* _What needs to be done_
Give the lines below again exactly, starting with the line that holds "#24=DIRECTION('',(1.,0.,0.));" and going on through the line that holds "#71=EDGE_CURVE('E334',#70,#70,#68,.T.);".

····················

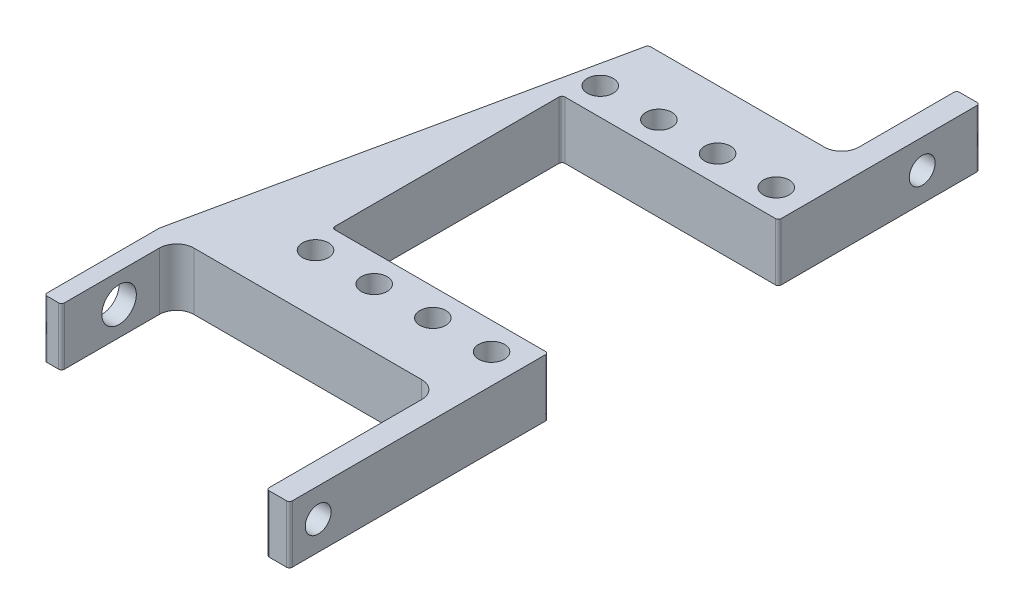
ISO-10303-21;
HEADER;
FILE_DESCRIPTION(('STEP AP214'),'2;1');
FILE_NAME('part.step','',(''),(''),'','','');
FILE_SCHEMA(('AUTOMOTIVE_DESIGN { 1 0 10303 214 1 1 1 1 }'));
ENDSEC;
DATA;
#1=APPLICATION_CONTEXT('core data for automotive mechanical design processes');
#2=APPLICATION_PROTOCOL_DEFINITION('international standard','automotive_design',2000,#1);
#3=PRODUCT_CONTEXT('',#1,'mechanical');
#4=PRODUCT('Part','Part','',(#3));
#5=PRODUCT_RELATED_PRODUCT_CATEGORY('part','',(#4));
#6=PRODUCT_DEFINITION_FORMATION('','',#4);
#7=PRODUCT_DEFINITION_CONTEXT('part definition',#1,'design');
#8=PRODUCT_DEFINITION('design','',#6,#7);
#9=PRODUCT_DEFINITION_SHAPE('','',#8);
#10=(LENGTH_UNIT() NAMED_UNIT(*) SI_UNIT(.MILLI.,.METRE.));
#11=(NAMED_UNIT(*) PLANE_ANGLE_UNIT() SI_UNIT($,.RADIAN.));
#12=(NAMED_UNIT(*) SI_UNIT($,.STERADIAN.) SOLID_ANGLE_UNIT());
#13=UNCERTAINTY_MEASURE_WITH_UNIT(LENGTH_MEASURE(1.E-05),#10,'distance_accuracy_value','');
#14=(GEOMETRIC_REPRESENTATION_CONTEXT(3) GLOBAL_UNCERTAINTY_ASSIGNED_CONTEXT((#13)) GLOBAL_UNIT_ASSIGNED_CONTEXT((#10,
#11,#12)) REPRESENTATION_CONTEXT('',''));
#15=CARTESIAN_POINT('',(0.,0.,0.));
#16=DIRECTION('',(0.,0.,1.));
#17=DIRECTION('',(1.,0.,0.));
#18=AXIS2_PLACEMENT_3D('',#15,#16,#17);
#19=CARTESIAN_POINT('',(0.,0.,10.));
#20=DIRECTION('',(0.,0.,-1.));
#21=DIRECTION('',(-1.,0.,0.));
#22=AXIS2_PLACEMENT_3D('',#19,#20,#21);
#23=PLANE('',#22);
#24=DIRECTION('',(1.,0.,0.));
#25=VECTOR('',#24,1.);
#26=CARTESIAN_POINT('',(52.6143754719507,0.,10.));
#27=LINE('',#26,#25);
#28=CARTESIAN_POINT('',(49.1143754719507,0.,10.));
#29=VERTEX_POINT('',#28);
#30=CARTESIAN_POINT('',(52.1143754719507,0.,10.));
#31=VERTEX_POINT('',#30);
#32=EDGE_CURVE('E603',#29,#31,#27,.T.);
#33=ORIENTED_EDGE('',*,*,#32,.T.);
#34=DIRECTION('',(0.,1.,0.));
#35=VECTOR('',#34,1.);
#36=CARTESIAN_POINT('',(52.1143754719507,0.,10.));
#37=LINE('',#36,#35);
#38=CARTESIAN_POINT('',(52.1143754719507,10.,10.));
#39=VERTEX_POINT('',#38);
#40=EDGE_CURVE('E508',#31,#39,#37,.T.);
#41=ORIENTED_EDGE('',*,*,#40,.T.);
#42=DIRECTION('',(-1.,0.,0.));
#43=VECTOR('',#42,1.);
#44=CARTESIAN_POINT('',(52.6143754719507,10.,10.));
#45=LINE('',#44,#43);
#46=CARTESIAN_POINT('',(49.1143754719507,10.,10.));
#47=VERTEX_POINT('',#46);
#48=EDGE_CURVE('E594',#39,#47,#45,.T.);
#49=ORIENTED_EDGE('',*,*,#48,.T.);
#50=DIRECTION('',(0.,1.,0.));
#51=VECTOR('',#50,1.);
#52=CARTESIAN_POINT('',(49.1143754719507,0.,10.));
#53=LINE('',#52,#51);
#54=EDGE_CURVE('E505',#47,#29,#53,.F.);
#55=ORIENTED_EDGE('',*,*,#54,.T.);
#56=EDGE_LOOP('',(#33,#41,#49,#55));
#57=FACE_BOUND('',#56,.T.);
#58=ADVANCED_FACE('F45',(#57),#23,.F.);
#59=CARTESIAN_POINT('',(60.6143754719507,5.,5.));
#60=DIRECTION('',(-1.,0.,0.));
#61=DIRECTION('',(0.,0.,1.));
#62=AXIS2_PLACEMENT_3D('',#59,#60,#61);
#63=CYLINDRICAL_SURFACE('',#62,2.25);
#64=CARTESIAN_POINT('',(52.6143754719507,5.,5.));
#65=DIRECTION('',(-1.,0.,0.));
#66=DIRECTION('',(0.,0.,1.));
#67=AXIS2_PLACEMENT_3D('',#64,#65,#66);
#68=CIRCLE('',#67,2.25);
#69=CARTESIAN_POINT('',(52.6143754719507,5.,7.25));
#70=VERTEX_POINT('',#69);
#71=EDGE_CURVE('E334',#70,#70,#68,.T.);
#72=ORIENTED_EDGE('',*,*,#71,.F.);
#73=EDGE_LOOP('',(#72));
#74=FACE_BOUND('',#73,.T.);
#75=CARTESIAN_POINT('',(48.6143754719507,5.,5.));
#76=DIRECTION('',(-1.,0.,0.));
#77=DIRECTION('',(0.,0.,1.));
#78=AXIS2_PLACEMENT_3D('',#75,#76,#77);
#79=CIRCLE('',#78,2.25);
#80=CARTESIAN_POINT('',(48.6143754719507,5.,7.25));
#81=VERTEX_POINT('',#80);
#82=EDGE_CURVE('E355',#81,#81,#79,.F.);
#83=ORIENTED_EDGE('',*,*,#82,.F.);
#84=EDGE_LOOP('',(#83));
#85=FACE_BOUND('',#84,.T.);
#86=ADVANCED_FACE('F696',(#74,#85),#63,.F.);
#87=CARTESIAN_POINT('',(0.,0.,-110.002119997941));
#88=DIRECTION('',(0.,0.,-1.));
#89=DIRECTION('',(-1.,0.,0.));
#90=AXIS2_PLACEMENT_3D('',#87,#88,#89);
#91=PLANE('',#90);
#92=DIRECTION('',(-1.,0.,0.));
#93=VECTOR('',#92,1.);
#94=CARTESIAN_POINT('',(52.6143754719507,0.,-110.002119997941));
#95=LINE('',#94,#93);
#96=CARTESIAN_POINT('',(52.1143754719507,0.,-110.002119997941));
#97=VERTEX_POINT('',#96);
#98=CARTESIAN_POINT('',(49.1143754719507,0.,-110.002119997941));
#99=VERTEX_POINT('',#98);
#100=EDGE_CURVE('E584',#97,#99,#95,.T.);
#101=ORIENTED_EDGE('',*,*,#100,.T.);
#102=DIRECTION('',(0.,-1.,0.));
#103=VECTOR('',#102,1.);
#104=CARTESIAN_POINT('',(49.1143754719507,0.,-110.002119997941));
#105=LINE('',#104,#103);
#106=CARTESIAN_POINT('',(49.1143754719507,10.,-110.002119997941));
#107=VERTEX_POINT('',#106);
#108=EDGE_CURVE('E468',#99,#107,#105,.F.);
#109=ORIENTED_EDGE('',*,*,#108,.T.);
#110=DIRECTION('',(1.,0.,0.));
#111=VECTOR('',#110,1.);
#112=CARTESIAN_POINT('',(52.6143754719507,10.,-110.002119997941));
#113=LINE('',#112,#111);
#114=CARTESIAN_POINT('',(52.1143754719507,10.,-110.002119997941));
#115=VERTEX_POINT('',#114);
#116=EDGE_CURVE('E586',#107,#115,#113,.T.);
#117=ORIENTED_EDGE('',*,*,#116,.T.);
#118=DIRECTION('',(0.,-1.,0.));
#119=VECTOR('',#118,1.);
#120=CARTESIAN_POINT('',(52.1143754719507,0.,-110.002119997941));
#121=LINE('',#120,#119);
#122=EDGE_CURVE('E464',#115,#97,#121,.T.);
#123=ORIENTED_EDGE('',*,*,#122,.T.);
#124=EDGE_LOOP('',(#101,#109,#117,#123));
#125=FACE_BOUND('',#124,.T.);
#126=ADVANCED_FACE('F583',(#125),#91,.T.);
#127=CARTESIAN_POINT('',(60.6143754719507,5.,-100.002119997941));
#128=DIRECTION('',(-1.,0.,0.));
#129=DIRECTION('',(0.,0.,1.));
#130=AXIS2_PLACEMENT_3D('',#127,#128,#129);
#131=CYLINDRICAL_SURFACE('',#130,2.25);
#132=CARTESIAN_POINT('',(52.6143754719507,5.,-100.002119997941));
#133=DIRECTION('',(-1.,0.,0.));
#134=DIRECTION('',(0.,0.,1.));
#135=AXIS2_PLACEMENT_3D('',#132,#133,#134);
#136=CIRCLE('',#135,2.25);
#137=CARTESIAN_POINT('',(52.6143754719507,5.,-97.7521199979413));
#138=VERTEX_POINT('',#137);
#139=EDGE_CURVE('E590',#138,#138,#136,.T.);
#140=ORIENTED_EDGE('',*,*,#139,.F.);
#141=EDGE_LOOP('',(#140));
#142=FACE_BOUND('',#141,.T.);
#143=CARTESIAN_POINT('',(48.6143754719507,5.,-100.002119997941));
#144=DIRECTION('',(-1.,0.,0.));
#145=DIRECTION('',(0.,0.,1.));
#146=AXIS2_PLACEMENT_3D('',#143,#144,#145);
#147=CIRCLE('',#146,2.25);
#148=CARTESIAN_POINT('',(48.6143754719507,5.,-97.7521199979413));
#149=VERTEX_POINT('',#148);
#150=EDGE_CURVE('E349',#149,#149,#147,.F.);
#151=ORIENTED_EDGE('',*,*,#150,.F.);
#152=EDGE_LOOP('',(#151));
#153=FACE_BOUND('',#152,.T.);
#154=ADVANCED_FACE('F771',(#142,#153),#131,.F.);
#155=CARTESIAN_POINT('',(0.,10.,0.));
#156=DIRECTION('',(0.,0.,-1.));
#157=DIRECTION('',(-1.,0.,0.));
#158=AXIS2_PLACEMENT_3D('',#155,#156,#157);
#159=PLANE('',#158);
#160=DIRECTION('',(1.,0.,0.));
#161=VECTOR('',#160,1.);
#162=CARTESIAN_POINT('',(0.,10.,0.));
#163=LINE('',#162,#161);
#164=CARTESIAN_POINT('',(0.5,10.,0.));
#165=VERTEX_POINT('',#164);
#166=CARTESIAN_POINT('',(2.5,10.,0.));
#167=VERTEX_POINT('',#166);
#168=EDGE_CURVE('E308',#165,#167,#163,.T.);
#169=ORIENTED_EDGE('',*,*,#168,.F.);
#170=DIRECTION('',(0.,-1.,0.));
#171=VECTOR('',#170,1.);
#172=CARTESIAN_POINT('',(0.5,0.,0.));
#173=LINE('',#172,#171);
#174=CARTESIAN_POINT('',(0.5,0.,0.));
#175=VERTEX_POINT('',#174);
#176=EDGE_CURVE('E518',#165,#175,#173,.T.);
#177=ORIENTED_EDGE('',*,*,#176,.T.);
#178=DIRECTION('',(1.,0.,0.));
#179=VECTOR('',#178,1.);
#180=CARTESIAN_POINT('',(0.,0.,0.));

····················

* _Response for this exercise_
#24=DIRECTION('',(1.,0.,0.));
#25=VECTOR('',#24,1.);
#26=CARTESIAN_POINT('',(52.6143754719507,0.,10.));
#27=LINE('',#26,#25);
#28=CARTESIAN_POINT('',(49.1143754719507,0.,10.));
#29=VERTEX_POINT('',#28);
#30=CARTESIAN_POINT('',(52.1143754719507,0.,10.));
#31=VERTEX_POINT('',#30);
#32=EDGE_CURVE('E603',#29,#31,#27,.T.);
#33=ORIENTED_EDGE('',*,*,#32,.T.);
#34=DIRECTION('',(0.,1.,0.));
#35=VECTOR('',#34,1.);
#36=CARTESIAN_POINT('',(52.1143754719507,0.,10.));
#37=LINE('',#36,#35);
#38=CARTESIAN_POINT('',(52.1143754719507,10.,10.));
#39=VERTEX_POINT('',#38);
#40=EDGE_CURVE('E508',#31,#39,#37,.T.);
#41=ORIENTED_EDGE('',*,*,#40,.T.);
#42=DIRECTION('',(-1.,0.,0.));
#43=VECTOR('',#42,1.);
#44=CARTESIAN_POINT('',(52.6143754719507,10.,10.));
#45=LINE('',#44,#43);
#46=CARTESIAN_POINT('',(49.1143754719507,10.,10.));
#47=VERTEX_POINT('',#46);
#48=EDGE_CURVE('E594',#39,#47,#45,.T.);
#49=ORIENTED_EDGE('',*,*,#48,.T.);
#50=DIRECTION('',(0.,1.,0.));
#51=VECTOR('',#50,1.);
#52=CARTESIAN_POINT('',(49.1143754719507,0.,10.));
#53=LINE('',#52,#51);
#54=EDGE_CURVE('E505',#47,#29,#53,.F.);
#55=ORIENTED_EDGE('',*,*,#54,.T.);
#56=EDGE_LOOP('',(#33,#41,#49,#55));
#57=FACE_BOUND('',#56,.T.);
#58=ADVANCED_FACE('F45',(#57),#23,.F.);
#59=CARTESIAN_POINT('',(60.6143754719507,5.,5.));
#60=DIRECTION('',(-1.,0.,0.));
#61=DIRECTION('',(0.,0.,1.));
#62=AXIS2_PLACEMENT_3D('',#59,#60,#61);
#63=CYLINDRICAL_SURFACE('',#62,2.25);
#64=CARTESIAN_POINT('',(52.6143754719507,5.,5.));
#65=DIRECTION('',(-1.,0.,0.));
#66=DIRECTION('',(0.,0.,1.));
#67=AXIS2_PLACEMENT_3D('',#64,#65,#66);
#68=CIRCLE('',#67,2.25);
#69=CARTESIAN_POINT('',(52.6143754719507,5.,7.25));
#70=VERTEX_POINT('',#69);
#71=EDGE_CURVE('E334',#70,#70,#68,.T.);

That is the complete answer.